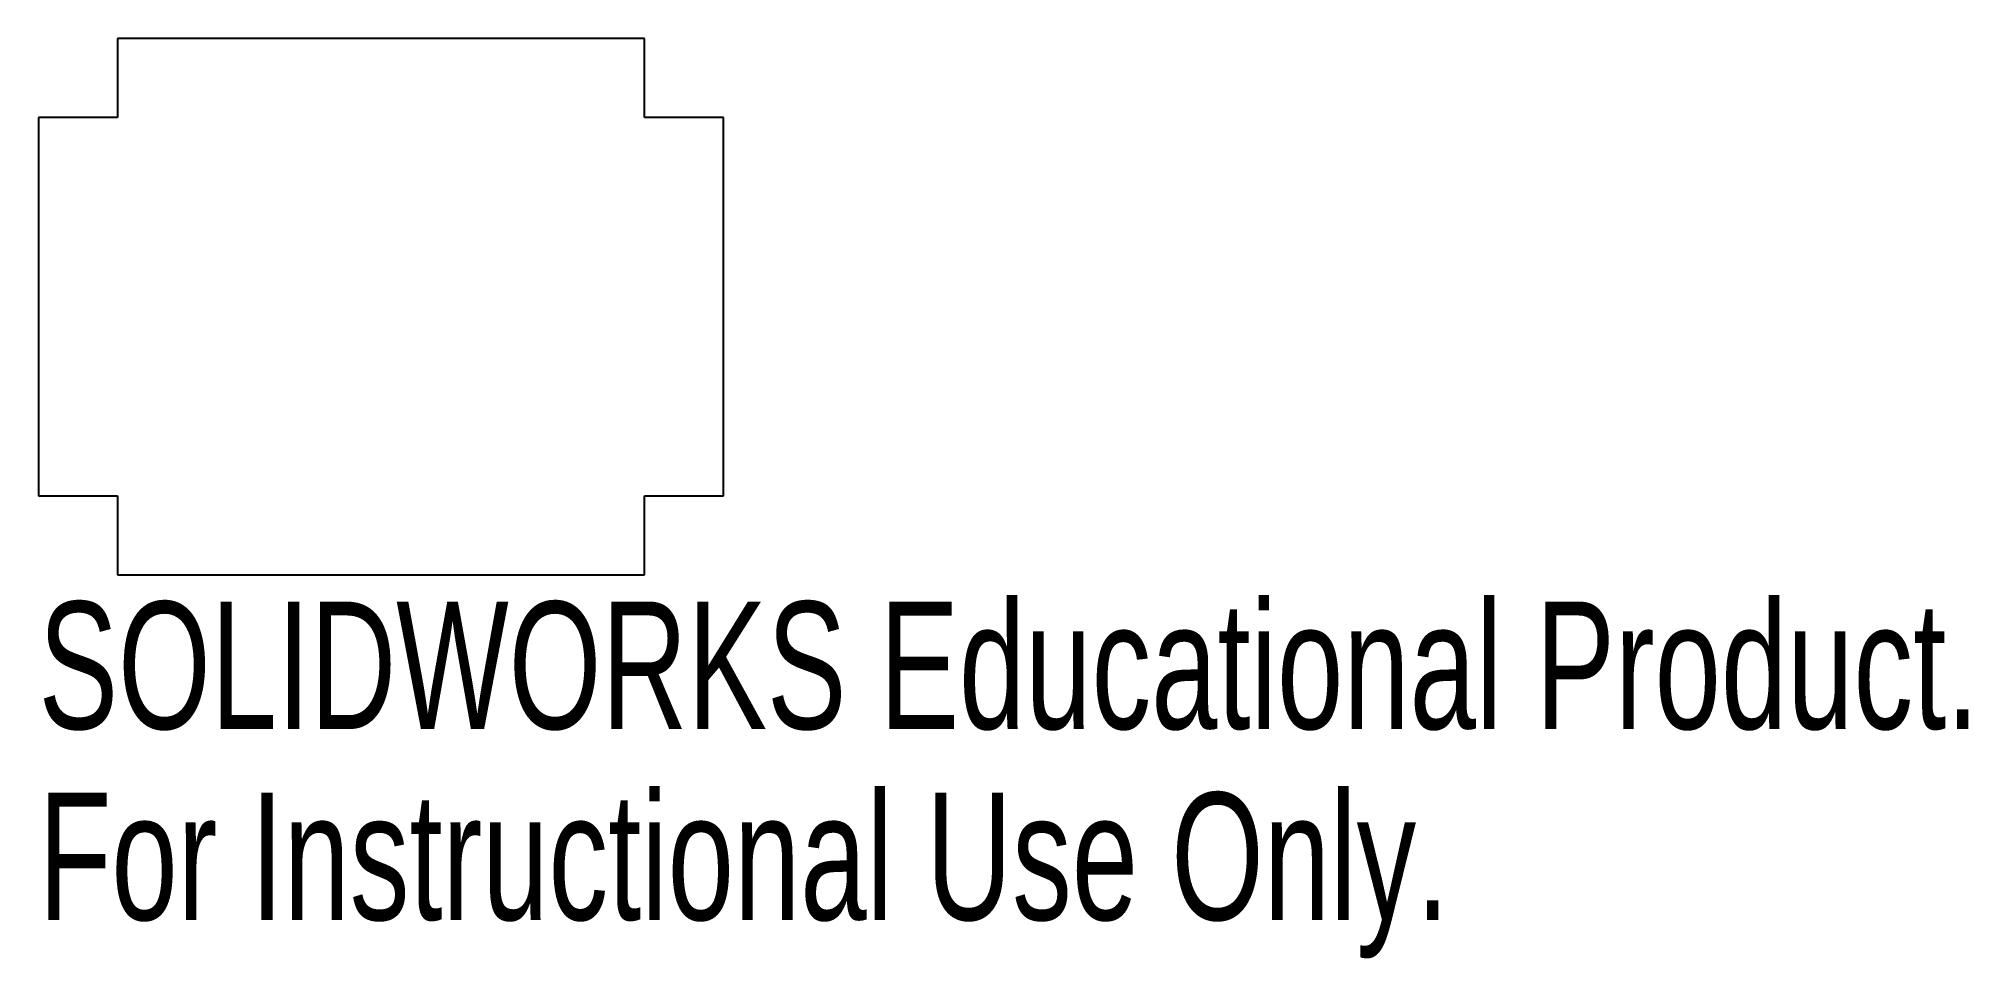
# Model space of a CAD drawing. Header units: millimetres. Extents: x -13 to 60.3, y -24.7 to 10.2.
import ezdxf

# ---------------------------------------------------------------- set-up
doc = ezdxf.new("R2010")
doc.units = ezdxf.units.MM
doc.styles.add('SLDTEXTSTYLE0', font='TXT', dxfattribs={"width": 0.7})

msp = doc.modelspace()

# ---------------------------------------------------------------- linework, layer by layer
at = {"color": 7, "linetype": 'Continuous', "lineweight": 25}
for p, q in [((-10, 10.175), (-10, 7.175)), ((10, 10.175), (-10, 10.175)), ((10, 7.175), (10, 10.175)), ((-10, 7.175), (-13, 7.175)), ((-13, 7.175), (-13, -7.175)), ((13, 7.175), (10, 7.175)), ((13, -7.175), (13, 7.175)), ((-13, -7.175), (-10, -7.175)), ((-10, -7.175), (-10, -10.175)), ((10, -10.175), (10, -7.175)), ((10, -7.175), (13, -7.175)), ((-10, -10.175), (10, -10.175))]:
    msp.add_line(p, q, dxfattribs=at)

# ---------------------------------------------------------------- texts
at = {"color": 7, "linetype": 'Continuous', "char_height": 4.83362, "attachment_point": 1, "style": 'SLDTEXTSTYLE0'}
for s, insert in [('SOLIDWORKS Educational Product.', (-13, -11.195)), ('For Instructional Use Only.', (-13, -18.445))]:
    msp.add_mtext(s, dxfattribs=dict(at, insert=insert))

doc.saveas('drawing.dxf')

────

Would you write out all of the records exactly, omitting the pictures?

=== FINAL ANSWER ===
# Model space of a CAD drawing. Header units: millimetres. Extents: x -13 to 60.3, y -24.7 to 10.2.
import ezdxf

# ---------------------------------------------------------------- set-up
doc = ezdxf.new("R2010")
doc.units = ezdxf.units.MM
doc.styles.add('SLDTEXTSTYLE0', font='TXT', dxfattribs={"width": 0.7})

msp = doc.modelspace()

# ---------------------------------------------------------------- linework, layer by layer
at = {"color": 7, "linetype": 'Continuous', "lineweight": 25}
for p, q in [((-10, 10.175), (-10, 7.175)), ((10, 10.175), (-10, 10.175)), ((10, 7.175), (10, 10.175)), ((-10, 7.175), (-13, 7.175)), ((-13, 7.175), (-13, -7.175)), ((13, 7.175), (10, 7.175)), ((13, -7.175), (13, 7.175)), ((-13, -7.175), (-10, -7.175)), ((-10, -7.175), (-10, -10.175)), ((10, -10.175), (10, -7.175)), ((10, -7.175), (13, -7.175)), ((-10, -10.175), (10, -10.175))]:
    msp.add_line(p, q, dxfattribs=at)

# ---------------------------------------------------------------- texts
at = {"color": 7, "linetype": 'Continuous', "char_height": 4.83362, "attachment_point": 1, "style": 'SLDTEXTSTYLE0'}
for s, insert in [('SOLIDWORKS Educational Product.', (-13, -11.195)), ('For Instructional Use Only.', (-13, -18.445))]:
    msp.add_mtext(s, dxfattribs=dict(at, insert=insert))

doc.saveas('drawing.dxf')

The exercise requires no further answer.